→ TASK REQUIREMENTS: Your output should be the entries below, from the first line up to and including the line with "# ---- collections", reproduced exactly and with no other lines.

→ DATA SHOWN:

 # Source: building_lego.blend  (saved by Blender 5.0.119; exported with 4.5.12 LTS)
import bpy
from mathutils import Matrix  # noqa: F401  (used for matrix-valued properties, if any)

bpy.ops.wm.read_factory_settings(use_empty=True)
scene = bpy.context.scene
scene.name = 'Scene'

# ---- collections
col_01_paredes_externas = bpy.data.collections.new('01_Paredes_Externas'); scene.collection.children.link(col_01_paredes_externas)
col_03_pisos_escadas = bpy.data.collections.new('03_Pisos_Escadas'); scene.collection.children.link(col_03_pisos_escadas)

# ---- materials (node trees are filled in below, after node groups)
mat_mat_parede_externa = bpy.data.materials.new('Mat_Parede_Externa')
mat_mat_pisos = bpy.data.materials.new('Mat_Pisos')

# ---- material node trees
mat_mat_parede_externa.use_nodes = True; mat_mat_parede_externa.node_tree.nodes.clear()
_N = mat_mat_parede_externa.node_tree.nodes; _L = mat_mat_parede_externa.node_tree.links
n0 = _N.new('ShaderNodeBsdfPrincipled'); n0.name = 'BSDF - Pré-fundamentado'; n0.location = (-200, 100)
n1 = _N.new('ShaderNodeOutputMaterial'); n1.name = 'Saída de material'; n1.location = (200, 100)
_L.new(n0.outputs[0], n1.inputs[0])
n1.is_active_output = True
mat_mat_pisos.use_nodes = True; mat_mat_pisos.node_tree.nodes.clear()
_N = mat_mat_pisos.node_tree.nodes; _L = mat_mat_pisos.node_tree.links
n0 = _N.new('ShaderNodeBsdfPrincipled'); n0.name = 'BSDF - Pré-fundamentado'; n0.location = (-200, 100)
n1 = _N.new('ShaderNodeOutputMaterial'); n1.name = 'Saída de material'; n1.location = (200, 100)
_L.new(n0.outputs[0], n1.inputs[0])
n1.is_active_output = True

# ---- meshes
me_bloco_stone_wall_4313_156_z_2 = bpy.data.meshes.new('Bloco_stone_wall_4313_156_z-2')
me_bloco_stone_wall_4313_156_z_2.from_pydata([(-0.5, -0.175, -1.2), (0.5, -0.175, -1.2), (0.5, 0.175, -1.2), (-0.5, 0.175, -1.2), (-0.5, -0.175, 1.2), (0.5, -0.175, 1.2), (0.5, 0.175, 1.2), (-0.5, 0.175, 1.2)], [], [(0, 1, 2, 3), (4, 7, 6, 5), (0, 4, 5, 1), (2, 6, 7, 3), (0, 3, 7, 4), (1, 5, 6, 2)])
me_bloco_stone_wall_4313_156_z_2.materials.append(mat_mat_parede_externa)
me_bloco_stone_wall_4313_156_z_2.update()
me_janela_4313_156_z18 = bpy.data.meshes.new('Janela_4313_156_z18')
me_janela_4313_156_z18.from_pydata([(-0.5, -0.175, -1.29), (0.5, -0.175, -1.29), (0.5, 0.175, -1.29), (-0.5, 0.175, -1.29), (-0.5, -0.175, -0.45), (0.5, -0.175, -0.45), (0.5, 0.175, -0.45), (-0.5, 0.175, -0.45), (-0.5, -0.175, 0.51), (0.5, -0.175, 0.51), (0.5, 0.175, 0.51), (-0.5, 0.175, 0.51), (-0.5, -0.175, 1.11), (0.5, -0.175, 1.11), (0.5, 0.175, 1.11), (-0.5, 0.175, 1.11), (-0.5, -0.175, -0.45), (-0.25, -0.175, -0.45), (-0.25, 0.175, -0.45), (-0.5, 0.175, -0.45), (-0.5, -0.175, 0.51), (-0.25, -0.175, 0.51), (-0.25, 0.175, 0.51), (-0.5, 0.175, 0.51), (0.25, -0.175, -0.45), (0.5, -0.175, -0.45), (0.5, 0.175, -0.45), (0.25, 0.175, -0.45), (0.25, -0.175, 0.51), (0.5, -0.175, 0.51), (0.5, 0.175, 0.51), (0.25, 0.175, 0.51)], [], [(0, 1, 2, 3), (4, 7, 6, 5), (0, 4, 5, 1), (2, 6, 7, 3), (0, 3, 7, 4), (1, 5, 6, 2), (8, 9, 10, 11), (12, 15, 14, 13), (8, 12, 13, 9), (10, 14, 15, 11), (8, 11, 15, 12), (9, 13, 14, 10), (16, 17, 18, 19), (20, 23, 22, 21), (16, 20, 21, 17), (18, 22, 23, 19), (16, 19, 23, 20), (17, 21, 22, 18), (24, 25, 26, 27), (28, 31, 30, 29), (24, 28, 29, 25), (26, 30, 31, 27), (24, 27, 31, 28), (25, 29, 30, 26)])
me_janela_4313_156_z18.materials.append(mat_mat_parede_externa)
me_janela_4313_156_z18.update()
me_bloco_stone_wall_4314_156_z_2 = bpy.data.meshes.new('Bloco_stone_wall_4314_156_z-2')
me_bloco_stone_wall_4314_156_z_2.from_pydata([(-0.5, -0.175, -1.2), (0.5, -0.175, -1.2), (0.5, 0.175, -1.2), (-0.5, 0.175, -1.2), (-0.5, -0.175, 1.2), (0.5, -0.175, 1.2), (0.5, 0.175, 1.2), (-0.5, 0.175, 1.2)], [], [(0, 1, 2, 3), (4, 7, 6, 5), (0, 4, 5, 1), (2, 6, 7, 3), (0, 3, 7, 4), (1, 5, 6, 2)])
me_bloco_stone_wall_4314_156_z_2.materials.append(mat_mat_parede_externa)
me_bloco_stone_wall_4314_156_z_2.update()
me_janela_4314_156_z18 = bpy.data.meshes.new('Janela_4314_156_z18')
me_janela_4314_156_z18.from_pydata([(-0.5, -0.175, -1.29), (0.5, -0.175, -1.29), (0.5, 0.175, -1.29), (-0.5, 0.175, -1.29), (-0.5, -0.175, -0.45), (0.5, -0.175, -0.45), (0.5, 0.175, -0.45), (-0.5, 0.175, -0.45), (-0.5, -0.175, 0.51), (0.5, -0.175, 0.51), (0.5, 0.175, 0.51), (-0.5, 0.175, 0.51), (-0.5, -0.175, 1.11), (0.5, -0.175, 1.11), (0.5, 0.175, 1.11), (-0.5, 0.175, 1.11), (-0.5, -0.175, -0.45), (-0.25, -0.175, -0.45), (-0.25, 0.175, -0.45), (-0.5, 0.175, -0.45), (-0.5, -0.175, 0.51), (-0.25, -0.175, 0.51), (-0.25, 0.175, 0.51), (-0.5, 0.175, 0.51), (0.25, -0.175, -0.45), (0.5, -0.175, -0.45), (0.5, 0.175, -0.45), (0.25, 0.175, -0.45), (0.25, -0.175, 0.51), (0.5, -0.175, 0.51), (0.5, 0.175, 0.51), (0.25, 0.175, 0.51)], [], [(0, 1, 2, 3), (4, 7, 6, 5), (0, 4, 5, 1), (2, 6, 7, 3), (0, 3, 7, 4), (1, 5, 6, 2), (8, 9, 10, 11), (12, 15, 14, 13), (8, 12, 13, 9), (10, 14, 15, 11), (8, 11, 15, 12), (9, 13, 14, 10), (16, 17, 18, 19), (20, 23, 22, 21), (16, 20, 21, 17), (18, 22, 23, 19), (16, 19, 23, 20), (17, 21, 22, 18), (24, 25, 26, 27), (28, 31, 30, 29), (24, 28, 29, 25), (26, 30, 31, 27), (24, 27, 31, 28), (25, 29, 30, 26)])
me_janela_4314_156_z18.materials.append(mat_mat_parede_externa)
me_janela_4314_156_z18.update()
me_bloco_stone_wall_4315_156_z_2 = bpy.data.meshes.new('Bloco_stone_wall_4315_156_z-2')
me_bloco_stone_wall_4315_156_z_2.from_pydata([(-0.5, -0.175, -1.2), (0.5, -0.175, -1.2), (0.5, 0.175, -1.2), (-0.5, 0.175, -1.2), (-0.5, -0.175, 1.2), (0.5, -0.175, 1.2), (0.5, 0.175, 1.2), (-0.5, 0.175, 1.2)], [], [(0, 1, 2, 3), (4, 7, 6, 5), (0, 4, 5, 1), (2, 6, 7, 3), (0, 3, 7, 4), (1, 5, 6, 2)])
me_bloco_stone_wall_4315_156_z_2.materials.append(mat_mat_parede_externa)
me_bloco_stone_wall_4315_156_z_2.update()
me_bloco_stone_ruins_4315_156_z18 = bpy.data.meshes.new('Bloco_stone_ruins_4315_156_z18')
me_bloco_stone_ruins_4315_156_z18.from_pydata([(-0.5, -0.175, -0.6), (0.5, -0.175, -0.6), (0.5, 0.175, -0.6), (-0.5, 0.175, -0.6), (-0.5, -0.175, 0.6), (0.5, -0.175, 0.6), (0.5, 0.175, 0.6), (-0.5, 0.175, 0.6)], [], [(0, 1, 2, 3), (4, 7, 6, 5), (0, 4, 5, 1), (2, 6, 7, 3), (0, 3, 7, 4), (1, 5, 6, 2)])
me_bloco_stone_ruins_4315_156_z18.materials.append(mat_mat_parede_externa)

→ ANSWER SPACE:
 # Source: building_lego.blend  (saved by Blender 5.0.119; exported with 4.5.12 LTS)
import bpy
from mathutils import Matrix  # noqa: F401  (used for matrix-valued properties, if any)

bpy.ops.wm.read_factory_settings(use_empty=True)
scene = bpy.context.scene
scene.name = 'Scene'

# ---- collections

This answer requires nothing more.